*** Opening Records shown ***
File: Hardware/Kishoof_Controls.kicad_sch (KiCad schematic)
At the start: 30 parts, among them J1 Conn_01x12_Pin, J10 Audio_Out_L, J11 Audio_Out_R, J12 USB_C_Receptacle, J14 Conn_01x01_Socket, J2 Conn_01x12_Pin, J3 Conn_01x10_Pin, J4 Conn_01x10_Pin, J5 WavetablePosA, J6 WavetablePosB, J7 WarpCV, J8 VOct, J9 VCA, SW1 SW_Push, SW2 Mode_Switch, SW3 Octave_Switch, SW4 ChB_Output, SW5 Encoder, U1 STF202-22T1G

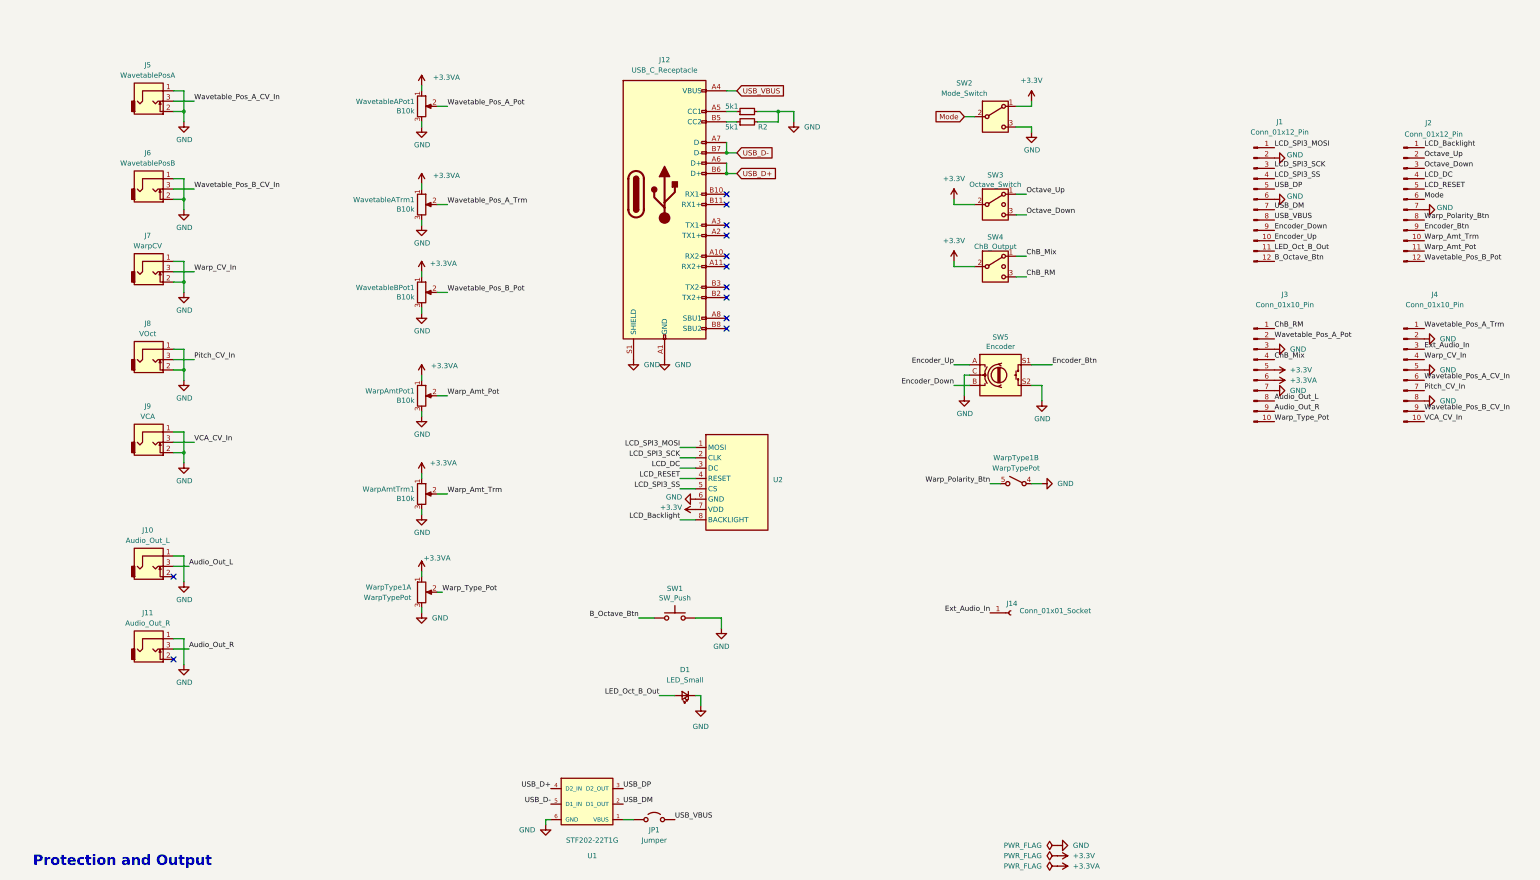
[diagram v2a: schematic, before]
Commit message: PCBs v1.0 ordered
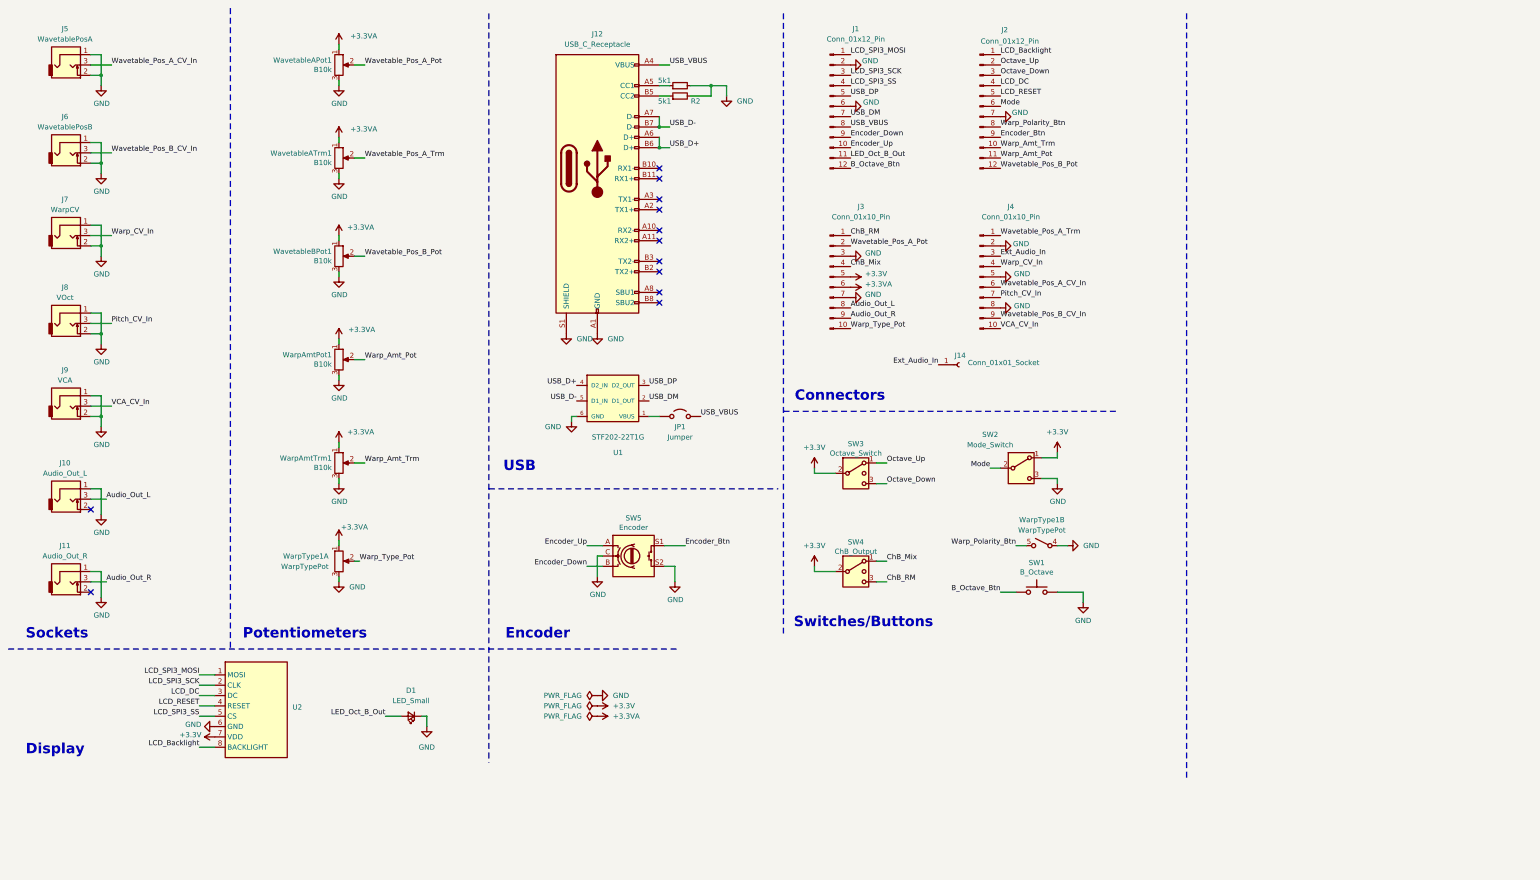
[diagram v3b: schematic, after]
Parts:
- SW1: value SW_Push -> B_Octave
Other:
- note added: "Connectors"
- note added: "Display"
- note added: "Encoder"
- note added: "Potentiometers"
- note added: "Sockets"
- note added: "Switches/Buttons"
- note added: "USB"
- note removed: "Protection and Output"
- moved on the sheet: D1, J1, J10, J11, J12, J14, J2, J3, J4, J5, J6, J7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

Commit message: Tweaks to get USB CDC working
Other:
- note added: "Errata: Warp Switched POt has incorrect mounting hole sizes (now fixed in library)"
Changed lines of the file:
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@@
+		)
+	)
+	(text "Errata: Warp Switched POt has incorrect mounting hole sizes (now fixed in library)"
+		(exclude_from_sim no)
+		(at 222.25 170.434 0)
+		(effects
+			(font
+				(size 1.27 1.27)
+			)
 		)
 	)

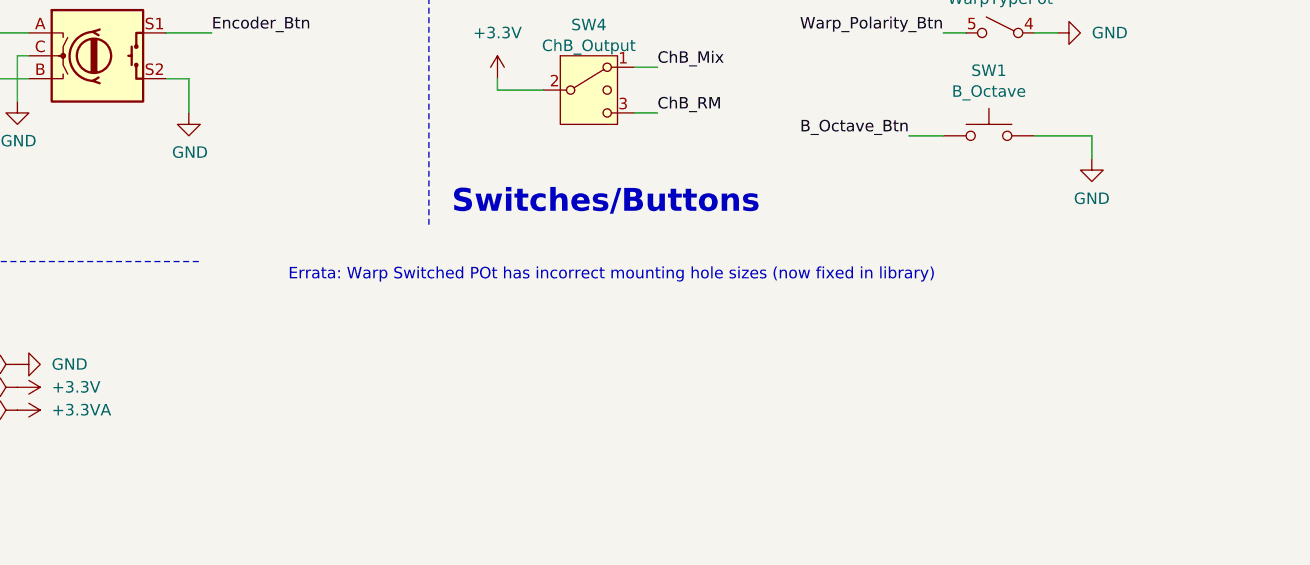
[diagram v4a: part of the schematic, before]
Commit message: USB flash reads don't use MDMA to resolve USB reads hanging
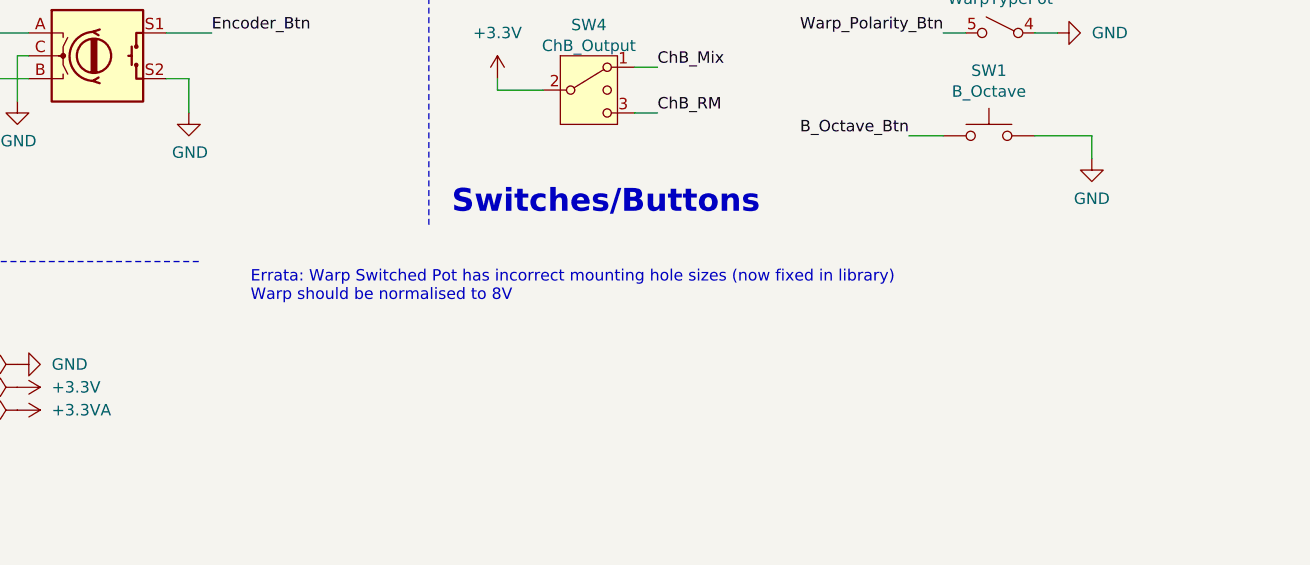
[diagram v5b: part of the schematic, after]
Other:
- note added: "Errata: Warp Switched Pot has incorrect mounting hole sizes (now fixed in library) Warp should be normalised to 8V"
- note removed: "Errata: Warp Switched POt has incorrect mounting hole sizes (now fixed in library)"
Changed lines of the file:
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@@
 		)
 	)
-	(text "Errata: Warp Switched POt has incorrect mounting hole sizes (now fixed in library)"
+	(text "Errata: Warp Switched Pot has incorrect mounting hole sizes (now fixed in library)\nWarp should be normalised to 8V"
 		(exclude_from_sim no)
-		(at 222.25 170.434 0)
+		(at 182.118 171.704 0)
 		(effects
 			(font
 				(size 1.27 1.27)
 			)
+			(justify left)
 		)
 	)

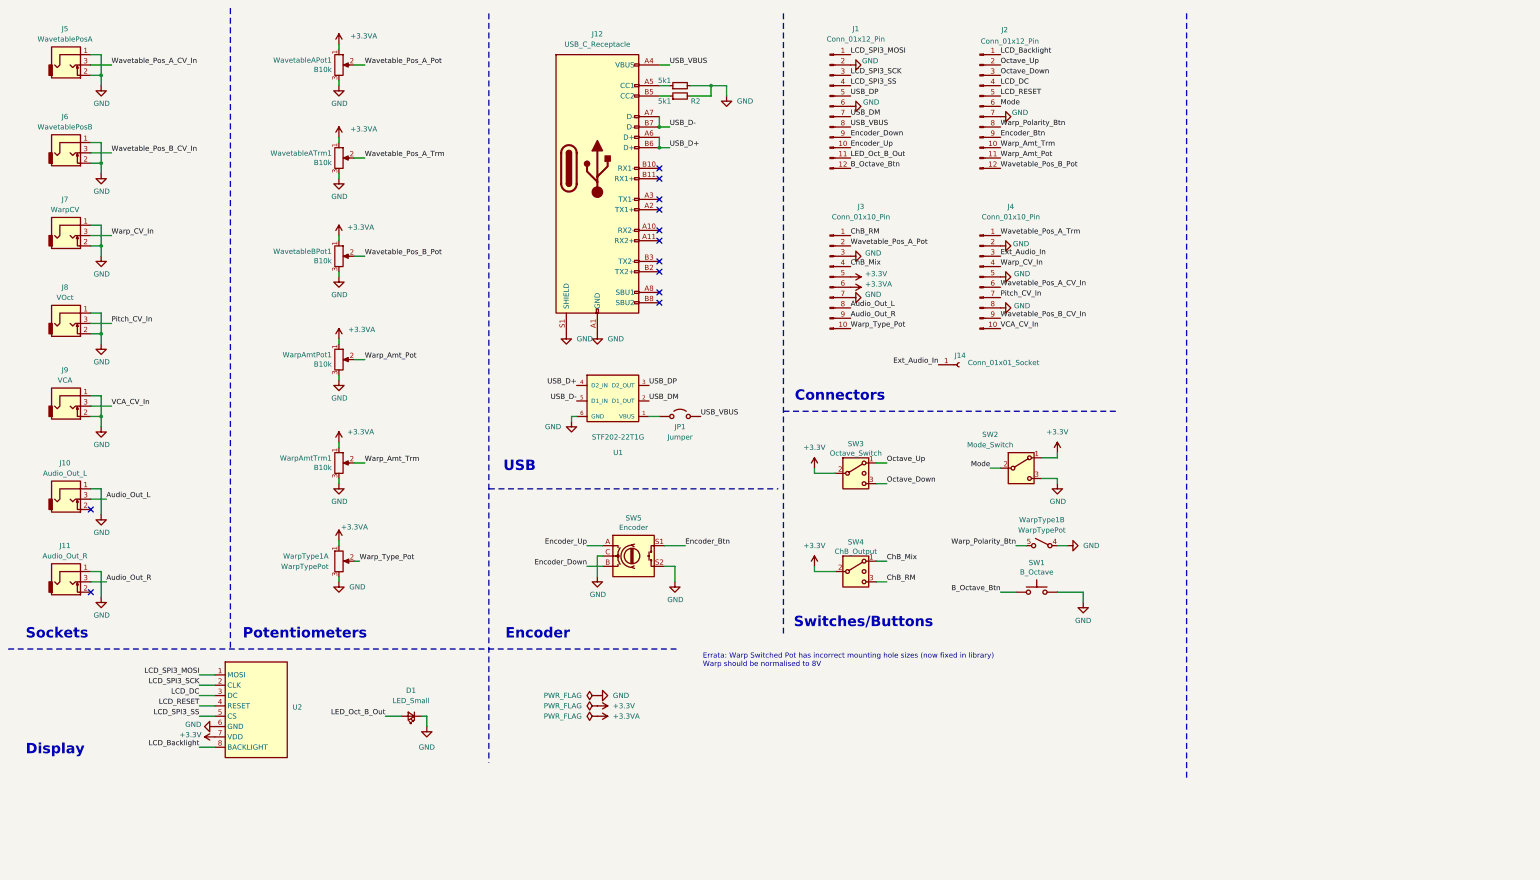
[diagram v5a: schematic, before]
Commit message: Updated Controls PCB to fix VCA normalisation problem
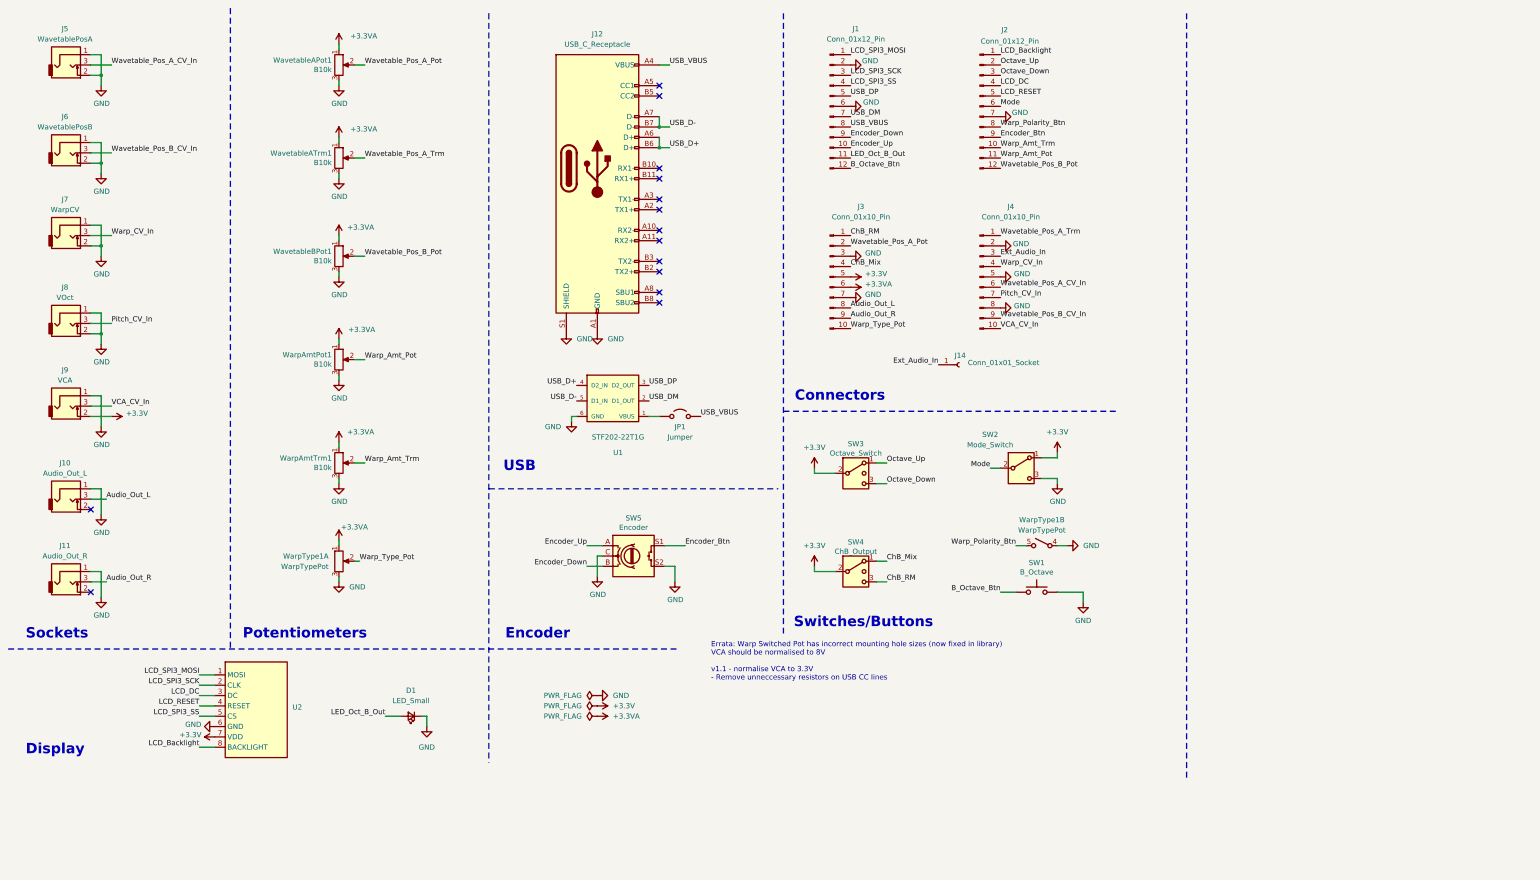
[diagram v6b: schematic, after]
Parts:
- removed R1, R2: 5k1, Resistor_SMD:R_0603_1608Metric, symbol Device:R_Small
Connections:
- net +3.3V: now also J9.2
- net GND: no longer J9.2
- no-connect marks 12 -> 14
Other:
- note added: "Errata: Warp Switched Pot has incorrect mounting hole sizes (now fixed in library) VCA should be normalised to 8V v1.1 - normalise VCA to 3.3V - Remove unneccessary resistors on USB CC lines"
- note removed: "Errata: Warp Switched Pot has incorrect mounting hole sizes (now fixed in library) Warp should be normalised to 8V"
*** Closing Records shown ***
= Task goal =
Give only the number of lines above holding "message".

= Answer space =
4